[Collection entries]
--- START ---

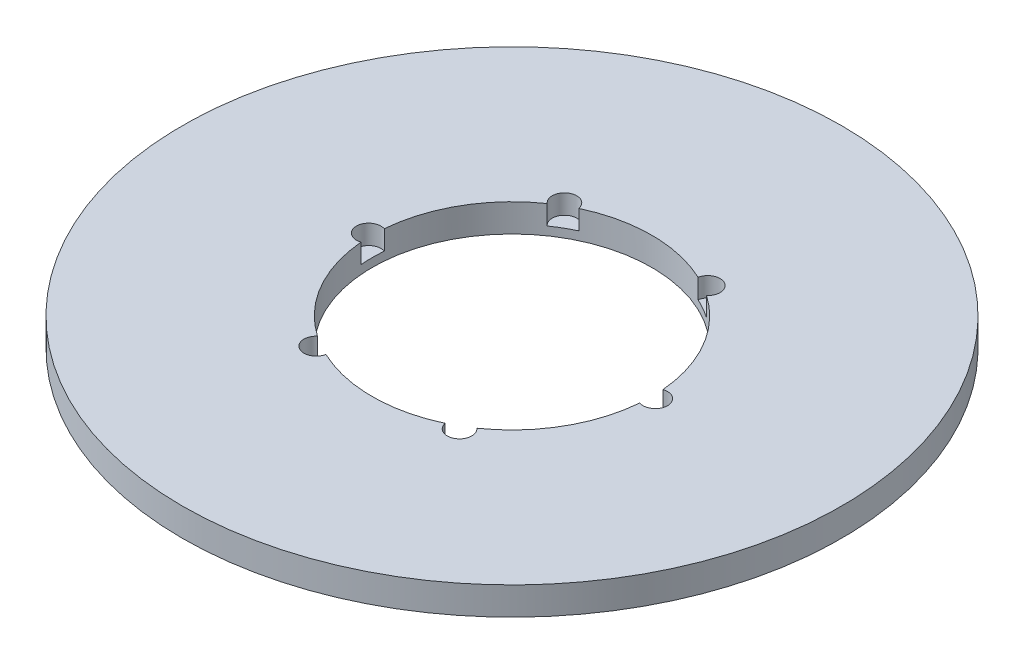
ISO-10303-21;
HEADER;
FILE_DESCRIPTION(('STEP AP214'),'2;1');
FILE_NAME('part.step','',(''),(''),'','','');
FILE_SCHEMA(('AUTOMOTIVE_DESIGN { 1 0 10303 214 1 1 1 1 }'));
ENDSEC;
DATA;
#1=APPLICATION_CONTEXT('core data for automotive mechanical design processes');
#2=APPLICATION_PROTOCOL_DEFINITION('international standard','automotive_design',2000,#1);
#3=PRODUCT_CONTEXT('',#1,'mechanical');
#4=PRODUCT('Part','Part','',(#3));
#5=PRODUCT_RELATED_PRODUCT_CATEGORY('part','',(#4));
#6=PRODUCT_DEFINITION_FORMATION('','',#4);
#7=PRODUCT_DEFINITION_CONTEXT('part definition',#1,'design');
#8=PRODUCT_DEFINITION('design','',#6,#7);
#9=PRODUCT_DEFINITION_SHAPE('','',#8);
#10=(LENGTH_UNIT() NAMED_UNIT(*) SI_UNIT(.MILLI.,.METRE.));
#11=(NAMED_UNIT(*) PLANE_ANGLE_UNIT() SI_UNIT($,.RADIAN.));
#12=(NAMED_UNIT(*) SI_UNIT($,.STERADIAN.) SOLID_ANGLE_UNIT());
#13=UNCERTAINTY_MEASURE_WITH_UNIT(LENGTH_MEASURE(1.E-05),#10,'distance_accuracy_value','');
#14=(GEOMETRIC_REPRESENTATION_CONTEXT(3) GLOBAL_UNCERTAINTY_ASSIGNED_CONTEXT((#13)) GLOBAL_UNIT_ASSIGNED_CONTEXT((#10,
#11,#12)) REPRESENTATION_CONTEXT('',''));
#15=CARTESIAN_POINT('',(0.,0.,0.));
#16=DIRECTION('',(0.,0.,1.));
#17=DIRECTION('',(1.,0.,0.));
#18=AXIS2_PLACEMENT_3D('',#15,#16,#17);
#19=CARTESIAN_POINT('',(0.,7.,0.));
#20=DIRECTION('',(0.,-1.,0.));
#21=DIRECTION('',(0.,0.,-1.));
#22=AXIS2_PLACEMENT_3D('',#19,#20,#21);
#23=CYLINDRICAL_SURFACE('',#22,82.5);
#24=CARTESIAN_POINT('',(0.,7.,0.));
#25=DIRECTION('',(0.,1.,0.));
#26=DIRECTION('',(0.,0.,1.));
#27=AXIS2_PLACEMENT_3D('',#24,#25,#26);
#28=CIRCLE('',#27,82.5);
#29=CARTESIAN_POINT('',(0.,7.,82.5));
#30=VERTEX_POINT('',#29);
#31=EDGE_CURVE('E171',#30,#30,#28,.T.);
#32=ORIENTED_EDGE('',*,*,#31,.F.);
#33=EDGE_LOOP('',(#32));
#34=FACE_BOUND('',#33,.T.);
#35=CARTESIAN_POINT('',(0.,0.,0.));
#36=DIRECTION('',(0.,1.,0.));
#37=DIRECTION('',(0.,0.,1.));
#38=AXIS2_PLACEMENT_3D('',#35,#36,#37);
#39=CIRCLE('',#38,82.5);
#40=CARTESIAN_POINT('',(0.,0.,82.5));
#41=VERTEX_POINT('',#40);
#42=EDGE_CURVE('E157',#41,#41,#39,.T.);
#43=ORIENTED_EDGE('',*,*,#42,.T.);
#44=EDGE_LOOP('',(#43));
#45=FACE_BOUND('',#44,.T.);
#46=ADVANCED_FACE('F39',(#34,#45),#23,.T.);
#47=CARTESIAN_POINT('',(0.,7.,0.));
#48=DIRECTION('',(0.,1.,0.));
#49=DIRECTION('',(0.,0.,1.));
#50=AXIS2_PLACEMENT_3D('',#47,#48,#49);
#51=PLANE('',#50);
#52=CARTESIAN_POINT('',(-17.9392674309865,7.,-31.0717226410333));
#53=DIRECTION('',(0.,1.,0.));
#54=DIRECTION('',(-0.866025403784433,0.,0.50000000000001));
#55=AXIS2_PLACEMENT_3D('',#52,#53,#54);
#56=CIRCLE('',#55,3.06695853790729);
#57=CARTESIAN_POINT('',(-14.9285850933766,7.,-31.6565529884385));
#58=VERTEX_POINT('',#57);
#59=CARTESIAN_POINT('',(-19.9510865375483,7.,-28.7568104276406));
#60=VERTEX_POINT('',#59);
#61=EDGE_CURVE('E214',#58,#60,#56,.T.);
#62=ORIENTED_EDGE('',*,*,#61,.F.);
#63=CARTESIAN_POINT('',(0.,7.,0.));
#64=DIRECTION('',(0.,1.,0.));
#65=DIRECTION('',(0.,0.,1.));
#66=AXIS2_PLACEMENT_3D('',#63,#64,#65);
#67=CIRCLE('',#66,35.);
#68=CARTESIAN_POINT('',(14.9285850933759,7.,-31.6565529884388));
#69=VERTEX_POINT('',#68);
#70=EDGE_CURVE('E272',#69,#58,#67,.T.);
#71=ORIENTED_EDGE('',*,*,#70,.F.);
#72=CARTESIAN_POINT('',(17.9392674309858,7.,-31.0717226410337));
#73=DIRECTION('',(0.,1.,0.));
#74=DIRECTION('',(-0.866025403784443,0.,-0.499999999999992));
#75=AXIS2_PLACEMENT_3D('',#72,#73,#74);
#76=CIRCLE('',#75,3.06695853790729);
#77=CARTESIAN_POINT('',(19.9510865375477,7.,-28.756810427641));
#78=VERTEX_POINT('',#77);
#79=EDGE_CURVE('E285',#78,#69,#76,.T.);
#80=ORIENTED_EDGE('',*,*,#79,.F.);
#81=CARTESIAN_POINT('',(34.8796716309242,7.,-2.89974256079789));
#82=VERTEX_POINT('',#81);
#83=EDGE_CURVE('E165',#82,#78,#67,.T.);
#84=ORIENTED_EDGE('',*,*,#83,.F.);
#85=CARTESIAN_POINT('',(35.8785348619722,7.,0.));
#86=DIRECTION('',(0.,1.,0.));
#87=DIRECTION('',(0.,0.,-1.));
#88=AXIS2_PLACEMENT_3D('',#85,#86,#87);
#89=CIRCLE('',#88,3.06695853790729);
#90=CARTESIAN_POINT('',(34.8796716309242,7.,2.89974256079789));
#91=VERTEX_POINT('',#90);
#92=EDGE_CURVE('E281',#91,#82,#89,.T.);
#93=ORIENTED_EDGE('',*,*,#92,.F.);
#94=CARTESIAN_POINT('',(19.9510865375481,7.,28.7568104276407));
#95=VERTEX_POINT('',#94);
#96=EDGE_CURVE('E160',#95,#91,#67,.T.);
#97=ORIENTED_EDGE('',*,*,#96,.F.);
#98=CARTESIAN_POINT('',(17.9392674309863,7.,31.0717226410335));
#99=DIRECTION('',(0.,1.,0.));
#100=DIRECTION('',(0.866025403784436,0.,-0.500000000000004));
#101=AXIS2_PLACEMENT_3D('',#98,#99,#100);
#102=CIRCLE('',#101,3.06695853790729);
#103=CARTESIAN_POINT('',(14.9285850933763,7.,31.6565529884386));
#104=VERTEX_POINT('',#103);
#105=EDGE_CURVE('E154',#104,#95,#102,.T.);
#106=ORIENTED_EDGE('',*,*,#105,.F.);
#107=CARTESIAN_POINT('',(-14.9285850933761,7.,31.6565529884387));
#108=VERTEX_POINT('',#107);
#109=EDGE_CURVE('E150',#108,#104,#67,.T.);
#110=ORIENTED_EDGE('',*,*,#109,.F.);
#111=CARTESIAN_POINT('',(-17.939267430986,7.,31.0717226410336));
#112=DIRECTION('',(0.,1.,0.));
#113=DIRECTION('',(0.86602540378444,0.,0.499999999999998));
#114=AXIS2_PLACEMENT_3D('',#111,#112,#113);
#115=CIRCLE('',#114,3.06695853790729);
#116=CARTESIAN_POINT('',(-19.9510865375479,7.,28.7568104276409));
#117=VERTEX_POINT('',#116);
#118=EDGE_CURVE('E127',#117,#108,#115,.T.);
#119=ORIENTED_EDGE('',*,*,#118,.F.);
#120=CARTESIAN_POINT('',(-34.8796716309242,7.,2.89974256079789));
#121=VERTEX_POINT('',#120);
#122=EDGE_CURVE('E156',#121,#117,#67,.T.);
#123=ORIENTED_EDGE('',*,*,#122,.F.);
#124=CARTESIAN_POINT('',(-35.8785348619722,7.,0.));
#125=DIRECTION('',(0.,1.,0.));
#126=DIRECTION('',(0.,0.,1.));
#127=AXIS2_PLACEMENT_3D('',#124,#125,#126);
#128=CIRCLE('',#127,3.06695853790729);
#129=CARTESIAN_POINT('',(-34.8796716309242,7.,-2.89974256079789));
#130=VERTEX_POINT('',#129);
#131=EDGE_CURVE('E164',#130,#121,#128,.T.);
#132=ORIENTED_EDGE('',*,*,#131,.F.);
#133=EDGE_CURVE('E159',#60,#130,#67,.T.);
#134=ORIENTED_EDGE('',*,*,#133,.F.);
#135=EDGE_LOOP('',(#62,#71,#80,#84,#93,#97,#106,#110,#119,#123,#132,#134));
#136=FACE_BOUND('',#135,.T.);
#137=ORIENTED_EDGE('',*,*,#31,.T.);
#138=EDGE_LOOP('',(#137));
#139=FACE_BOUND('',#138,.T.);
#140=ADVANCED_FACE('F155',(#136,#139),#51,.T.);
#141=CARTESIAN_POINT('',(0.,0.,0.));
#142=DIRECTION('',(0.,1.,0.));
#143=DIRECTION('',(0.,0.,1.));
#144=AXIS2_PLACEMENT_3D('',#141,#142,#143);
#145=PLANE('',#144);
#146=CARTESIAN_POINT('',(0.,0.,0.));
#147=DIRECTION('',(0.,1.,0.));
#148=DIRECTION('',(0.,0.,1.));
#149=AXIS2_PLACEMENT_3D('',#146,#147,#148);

--- END ---

§ **Your assignment**
From the line holding "#125=DIRECTION('',(0.,1.,0.));" through the final line of the data above, copy every line exactly as written. Include nothing else.

§ **The completed task**
#125=DIRECTION('',(0.,1.,0.));
#126=DIRECTION('',(0.,0.,1.));
#127=AXIS2_PLACEMENT_3D('',#124,#125,#126);
#128=CIRCLE('',#127,3.06695853790729);
#129=CARTESIAN_POINT('',(-34.8796716309242,7.,-2.89974256079789));
#130=VERTEX_POINT('',#129);
#131=EDGE_CURVE('E164',#130,#121,#128,.T.);
#132=ORIENTED_EDGE('',*,*,#131,.F.);
#133=EDGE_CURVE('E159',#60,#130,#67,.T.);
#134=ORIENTED_EDGE('',*,*,#133,.F.);
#135=EDGE_LOOP('',(#62,#71,#80,#84,#93,#97,#106,#110,#119,#123,#132,#134));
#136=FACE_BOUND('',#135,.T.);
#137=ORIENTED_EDGE('',*,*,#31,.T.);
#138=EDGE_LOOP('',(#137));
#139=FACE_BOUND('',#138,.T.);
#140=ADVANCED_FACE('F155',(#136,#139),#51,.T.);
#141=CARTESIAN_POINT('',(0.,0.,0.));
#142=DIRECTION('',(0.,1.,0.));
#143=DIRECTION('',(0.,0.,1.));
#144=AXIS2_PLACEMENT_3D('',#141,#142,#143);
#145=PLANE('',#144);
#146=CARTESIAN_POINT('',(0.,0.,0.));
#147=DIRECTION('',(0.,1.,0.));
#148=DIRECTION('',(0.,0.,1.));
#149=AXIS2_PLACEMENT_3D('',#146,#147,#148);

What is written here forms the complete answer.